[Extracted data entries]
^^^^^^^^
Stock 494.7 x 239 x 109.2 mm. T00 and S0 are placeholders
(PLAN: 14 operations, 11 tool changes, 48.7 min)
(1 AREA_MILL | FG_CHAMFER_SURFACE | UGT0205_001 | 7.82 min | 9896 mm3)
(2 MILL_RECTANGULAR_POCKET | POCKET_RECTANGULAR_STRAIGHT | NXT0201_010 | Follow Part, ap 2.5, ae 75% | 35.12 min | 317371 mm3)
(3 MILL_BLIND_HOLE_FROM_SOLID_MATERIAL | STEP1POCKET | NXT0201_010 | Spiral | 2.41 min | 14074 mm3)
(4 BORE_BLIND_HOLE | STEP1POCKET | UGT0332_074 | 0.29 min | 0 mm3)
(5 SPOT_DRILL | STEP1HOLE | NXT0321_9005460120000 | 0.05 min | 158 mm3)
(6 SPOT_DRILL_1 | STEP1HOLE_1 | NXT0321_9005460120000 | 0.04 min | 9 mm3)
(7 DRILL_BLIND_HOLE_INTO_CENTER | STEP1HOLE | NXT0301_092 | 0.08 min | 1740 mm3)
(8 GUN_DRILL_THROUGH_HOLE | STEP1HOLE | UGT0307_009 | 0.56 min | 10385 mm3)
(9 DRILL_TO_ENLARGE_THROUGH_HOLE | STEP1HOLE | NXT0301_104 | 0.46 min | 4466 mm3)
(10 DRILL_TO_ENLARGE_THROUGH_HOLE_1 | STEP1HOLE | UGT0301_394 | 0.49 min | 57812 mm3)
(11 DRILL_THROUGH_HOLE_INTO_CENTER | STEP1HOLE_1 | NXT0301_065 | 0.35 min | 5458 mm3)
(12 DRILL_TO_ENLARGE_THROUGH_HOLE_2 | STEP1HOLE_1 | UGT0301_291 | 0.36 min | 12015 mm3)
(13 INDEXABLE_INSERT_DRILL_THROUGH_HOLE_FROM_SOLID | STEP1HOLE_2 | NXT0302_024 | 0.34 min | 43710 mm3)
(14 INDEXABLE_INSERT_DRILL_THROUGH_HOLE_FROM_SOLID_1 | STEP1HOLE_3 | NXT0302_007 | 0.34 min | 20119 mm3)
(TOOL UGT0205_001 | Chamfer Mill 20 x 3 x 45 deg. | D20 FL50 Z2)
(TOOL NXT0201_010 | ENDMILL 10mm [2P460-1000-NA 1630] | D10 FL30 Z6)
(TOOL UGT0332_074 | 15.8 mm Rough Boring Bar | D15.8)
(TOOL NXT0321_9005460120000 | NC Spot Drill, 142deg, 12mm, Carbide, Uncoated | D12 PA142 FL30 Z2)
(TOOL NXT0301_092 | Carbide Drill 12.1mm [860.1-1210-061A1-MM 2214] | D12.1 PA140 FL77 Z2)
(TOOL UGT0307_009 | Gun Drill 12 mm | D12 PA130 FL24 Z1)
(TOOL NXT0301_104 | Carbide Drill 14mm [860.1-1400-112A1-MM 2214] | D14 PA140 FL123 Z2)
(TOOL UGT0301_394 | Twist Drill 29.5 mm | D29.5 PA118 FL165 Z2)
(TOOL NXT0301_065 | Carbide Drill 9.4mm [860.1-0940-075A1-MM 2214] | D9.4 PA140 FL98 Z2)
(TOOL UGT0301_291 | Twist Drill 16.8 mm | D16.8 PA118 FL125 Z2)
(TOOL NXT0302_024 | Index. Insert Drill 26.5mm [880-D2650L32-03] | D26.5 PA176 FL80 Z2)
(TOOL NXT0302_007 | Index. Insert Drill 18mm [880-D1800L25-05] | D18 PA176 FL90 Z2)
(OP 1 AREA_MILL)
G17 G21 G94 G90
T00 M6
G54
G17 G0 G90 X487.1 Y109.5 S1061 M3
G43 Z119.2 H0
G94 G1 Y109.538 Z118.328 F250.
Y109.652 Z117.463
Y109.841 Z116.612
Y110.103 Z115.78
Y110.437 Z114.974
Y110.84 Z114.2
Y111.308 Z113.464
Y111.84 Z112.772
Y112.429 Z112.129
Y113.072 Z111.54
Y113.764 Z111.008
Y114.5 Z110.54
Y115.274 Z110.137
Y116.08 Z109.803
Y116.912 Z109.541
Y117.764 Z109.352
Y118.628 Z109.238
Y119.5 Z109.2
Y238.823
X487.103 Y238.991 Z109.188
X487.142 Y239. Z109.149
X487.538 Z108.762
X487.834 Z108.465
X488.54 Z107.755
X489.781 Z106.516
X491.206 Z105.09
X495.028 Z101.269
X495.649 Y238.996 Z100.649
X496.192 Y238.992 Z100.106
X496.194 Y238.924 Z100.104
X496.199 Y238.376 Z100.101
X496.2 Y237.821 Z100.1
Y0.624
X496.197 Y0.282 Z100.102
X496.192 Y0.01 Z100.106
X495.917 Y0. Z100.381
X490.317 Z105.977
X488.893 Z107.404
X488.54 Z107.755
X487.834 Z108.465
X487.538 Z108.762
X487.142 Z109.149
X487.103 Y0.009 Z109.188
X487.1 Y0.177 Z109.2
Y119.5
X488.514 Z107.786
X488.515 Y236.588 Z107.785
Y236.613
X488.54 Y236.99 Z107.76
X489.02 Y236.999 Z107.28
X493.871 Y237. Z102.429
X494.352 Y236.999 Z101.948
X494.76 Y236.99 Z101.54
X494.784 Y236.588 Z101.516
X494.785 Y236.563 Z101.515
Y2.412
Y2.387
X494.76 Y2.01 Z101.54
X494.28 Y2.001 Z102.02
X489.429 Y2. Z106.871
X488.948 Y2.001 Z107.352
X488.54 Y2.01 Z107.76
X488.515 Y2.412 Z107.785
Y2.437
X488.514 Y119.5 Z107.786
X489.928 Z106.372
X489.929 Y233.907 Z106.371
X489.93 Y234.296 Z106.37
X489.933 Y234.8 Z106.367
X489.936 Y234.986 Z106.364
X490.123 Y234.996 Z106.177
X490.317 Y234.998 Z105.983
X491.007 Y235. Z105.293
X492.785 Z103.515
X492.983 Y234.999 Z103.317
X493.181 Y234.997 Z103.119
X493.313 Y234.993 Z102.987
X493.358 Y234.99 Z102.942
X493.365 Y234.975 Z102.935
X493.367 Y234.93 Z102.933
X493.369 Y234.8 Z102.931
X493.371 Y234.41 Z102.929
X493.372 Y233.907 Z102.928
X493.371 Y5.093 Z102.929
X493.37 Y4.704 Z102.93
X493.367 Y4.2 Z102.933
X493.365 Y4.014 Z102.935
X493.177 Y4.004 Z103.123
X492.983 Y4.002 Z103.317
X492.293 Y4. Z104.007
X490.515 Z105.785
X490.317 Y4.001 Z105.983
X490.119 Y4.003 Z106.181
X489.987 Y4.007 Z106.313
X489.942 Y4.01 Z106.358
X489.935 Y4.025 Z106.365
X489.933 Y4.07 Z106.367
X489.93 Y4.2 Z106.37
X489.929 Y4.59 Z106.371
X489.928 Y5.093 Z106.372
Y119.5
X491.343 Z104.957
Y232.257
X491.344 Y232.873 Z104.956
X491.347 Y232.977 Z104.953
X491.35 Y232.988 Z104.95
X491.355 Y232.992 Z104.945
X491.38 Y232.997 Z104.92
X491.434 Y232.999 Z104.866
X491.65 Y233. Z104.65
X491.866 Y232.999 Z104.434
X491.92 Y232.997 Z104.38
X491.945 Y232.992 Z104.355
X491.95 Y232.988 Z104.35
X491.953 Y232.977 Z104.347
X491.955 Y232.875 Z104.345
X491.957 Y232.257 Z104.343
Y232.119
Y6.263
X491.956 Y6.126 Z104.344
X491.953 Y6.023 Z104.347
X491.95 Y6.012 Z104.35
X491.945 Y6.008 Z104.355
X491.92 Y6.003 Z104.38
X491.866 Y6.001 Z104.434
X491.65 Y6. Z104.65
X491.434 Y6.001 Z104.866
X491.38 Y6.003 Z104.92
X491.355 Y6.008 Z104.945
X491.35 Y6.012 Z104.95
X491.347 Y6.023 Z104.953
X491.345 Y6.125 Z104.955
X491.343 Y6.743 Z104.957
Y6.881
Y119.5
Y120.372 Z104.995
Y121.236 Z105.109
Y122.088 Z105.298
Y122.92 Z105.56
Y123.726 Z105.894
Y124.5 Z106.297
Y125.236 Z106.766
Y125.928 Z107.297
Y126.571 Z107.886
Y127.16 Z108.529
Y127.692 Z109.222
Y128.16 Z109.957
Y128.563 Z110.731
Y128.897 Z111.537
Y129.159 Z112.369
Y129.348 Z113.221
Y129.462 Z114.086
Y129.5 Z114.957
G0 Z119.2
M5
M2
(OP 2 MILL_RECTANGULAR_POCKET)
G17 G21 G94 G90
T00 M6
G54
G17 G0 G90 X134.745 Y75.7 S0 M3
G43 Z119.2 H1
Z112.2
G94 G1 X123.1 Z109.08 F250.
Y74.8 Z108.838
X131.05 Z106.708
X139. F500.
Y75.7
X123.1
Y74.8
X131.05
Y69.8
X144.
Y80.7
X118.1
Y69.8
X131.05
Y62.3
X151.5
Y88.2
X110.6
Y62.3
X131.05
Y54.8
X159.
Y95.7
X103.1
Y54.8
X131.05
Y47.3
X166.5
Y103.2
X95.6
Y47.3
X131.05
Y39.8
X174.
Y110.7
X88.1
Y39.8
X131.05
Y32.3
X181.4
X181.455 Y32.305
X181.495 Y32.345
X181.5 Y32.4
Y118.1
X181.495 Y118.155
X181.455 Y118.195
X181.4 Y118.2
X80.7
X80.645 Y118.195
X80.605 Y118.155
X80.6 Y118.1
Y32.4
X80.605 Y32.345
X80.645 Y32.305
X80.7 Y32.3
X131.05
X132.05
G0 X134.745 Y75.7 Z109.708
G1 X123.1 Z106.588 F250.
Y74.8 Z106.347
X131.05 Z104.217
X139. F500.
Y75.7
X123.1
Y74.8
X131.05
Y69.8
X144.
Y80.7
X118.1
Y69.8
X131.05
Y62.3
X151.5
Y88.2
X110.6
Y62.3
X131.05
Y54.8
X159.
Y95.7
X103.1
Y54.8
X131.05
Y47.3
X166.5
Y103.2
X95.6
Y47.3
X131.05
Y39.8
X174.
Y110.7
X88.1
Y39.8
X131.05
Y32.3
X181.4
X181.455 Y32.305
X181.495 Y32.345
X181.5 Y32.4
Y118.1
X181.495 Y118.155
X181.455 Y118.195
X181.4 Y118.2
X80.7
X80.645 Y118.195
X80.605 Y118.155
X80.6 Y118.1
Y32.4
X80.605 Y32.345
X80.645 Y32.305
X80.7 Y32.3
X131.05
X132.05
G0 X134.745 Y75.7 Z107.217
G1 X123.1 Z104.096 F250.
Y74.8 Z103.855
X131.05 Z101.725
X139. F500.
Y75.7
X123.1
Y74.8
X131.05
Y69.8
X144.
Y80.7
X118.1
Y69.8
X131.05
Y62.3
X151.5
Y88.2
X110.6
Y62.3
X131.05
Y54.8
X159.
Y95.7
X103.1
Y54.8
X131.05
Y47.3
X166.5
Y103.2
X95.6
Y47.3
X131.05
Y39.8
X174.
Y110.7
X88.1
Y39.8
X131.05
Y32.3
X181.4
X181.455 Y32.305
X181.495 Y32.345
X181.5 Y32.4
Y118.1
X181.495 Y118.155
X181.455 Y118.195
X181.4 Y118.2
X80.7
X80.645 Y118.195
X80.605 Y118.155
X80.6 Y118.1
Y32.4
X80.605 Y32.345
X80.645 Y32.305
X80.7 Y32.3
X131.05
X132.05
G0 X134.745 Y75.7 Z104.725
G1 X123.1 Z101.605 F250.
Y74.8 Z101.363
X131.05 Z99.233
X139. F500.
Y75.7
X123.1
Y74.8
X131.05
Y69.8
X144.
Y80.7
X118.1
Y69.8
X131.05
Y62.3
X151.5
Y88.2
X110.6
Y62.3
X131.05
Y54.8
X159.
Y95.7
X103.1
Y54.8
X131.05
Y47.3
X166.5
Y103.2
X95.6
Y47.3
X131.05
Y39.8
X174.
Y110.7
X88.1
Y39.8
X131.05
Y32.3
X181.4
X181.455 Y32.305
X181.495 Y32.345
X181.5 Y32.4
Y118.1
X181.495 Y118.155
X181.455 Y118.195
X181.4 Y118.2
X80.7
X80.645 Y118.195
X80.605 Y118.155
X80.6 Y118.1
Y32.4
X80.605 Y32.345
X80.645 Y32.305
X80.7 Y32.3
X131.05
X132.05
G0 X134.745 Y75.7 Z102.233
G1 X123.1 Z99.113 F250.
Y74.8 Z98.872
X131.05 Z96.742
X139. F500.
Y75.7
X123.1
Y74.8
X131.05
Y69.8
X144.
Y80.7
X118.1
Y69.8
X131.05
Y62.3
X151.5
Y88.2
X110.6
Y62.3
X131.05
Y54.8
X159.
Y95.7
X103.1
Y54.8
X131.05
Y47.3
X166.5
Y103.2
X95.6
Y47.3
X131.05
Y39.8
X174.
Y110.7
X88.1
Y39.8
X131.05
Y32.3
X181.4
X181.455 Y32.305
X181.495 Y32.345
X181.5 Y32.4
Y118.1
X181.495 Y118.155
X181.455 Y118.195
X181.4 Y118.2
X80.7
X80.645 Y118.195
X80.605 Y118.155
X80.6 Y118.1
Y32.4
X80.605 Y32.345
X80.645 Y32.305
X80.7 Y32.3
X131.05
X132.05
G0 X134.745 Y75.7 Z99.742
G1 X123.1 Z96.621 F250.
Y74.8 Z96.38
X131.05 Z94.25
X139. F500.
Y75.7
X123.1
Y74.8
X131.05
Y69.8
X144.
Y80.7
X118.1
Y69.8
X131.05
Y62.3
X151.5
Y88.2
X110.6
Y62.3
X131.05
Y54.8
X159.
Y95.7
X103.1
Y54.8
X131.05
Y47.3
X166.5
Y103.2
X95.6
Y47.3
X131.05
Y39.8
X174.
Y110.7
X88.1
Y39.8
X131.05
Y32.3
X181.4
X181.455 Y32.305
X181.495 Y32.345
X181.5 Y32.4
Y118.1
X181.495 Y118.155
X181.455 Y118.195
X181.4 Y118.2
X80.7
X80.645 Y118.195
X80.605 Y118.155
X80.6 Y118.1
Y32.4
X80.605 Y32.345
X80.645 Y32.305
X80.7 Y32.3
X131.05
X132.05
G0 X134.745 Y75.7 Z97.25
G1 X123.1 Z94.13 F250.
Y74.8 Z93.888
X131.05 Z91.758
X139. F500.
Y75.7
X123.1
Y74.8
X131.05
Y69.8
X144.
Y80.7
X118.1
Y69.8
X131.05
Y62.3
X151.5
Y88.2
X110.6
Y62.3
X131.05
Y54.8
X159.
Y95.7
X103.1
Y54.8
^^^^^^^^
Start at the line with "X131.05 Z91.758". Give that line and every line after it again, word for word, through the last line above.

> [Output]:
X131.05 Z91.758
X139. F500.
Y75.7
X123.1
Y74.8
X131.05
Y69.8
X144.
Y80.7
X118.1
Y69.8
X131.05
Y62.3
X151.5
Y88.2
X110.6
Y62.3
X131.05
Y54.8
X159.
Y95.7
X103.1
Y54.8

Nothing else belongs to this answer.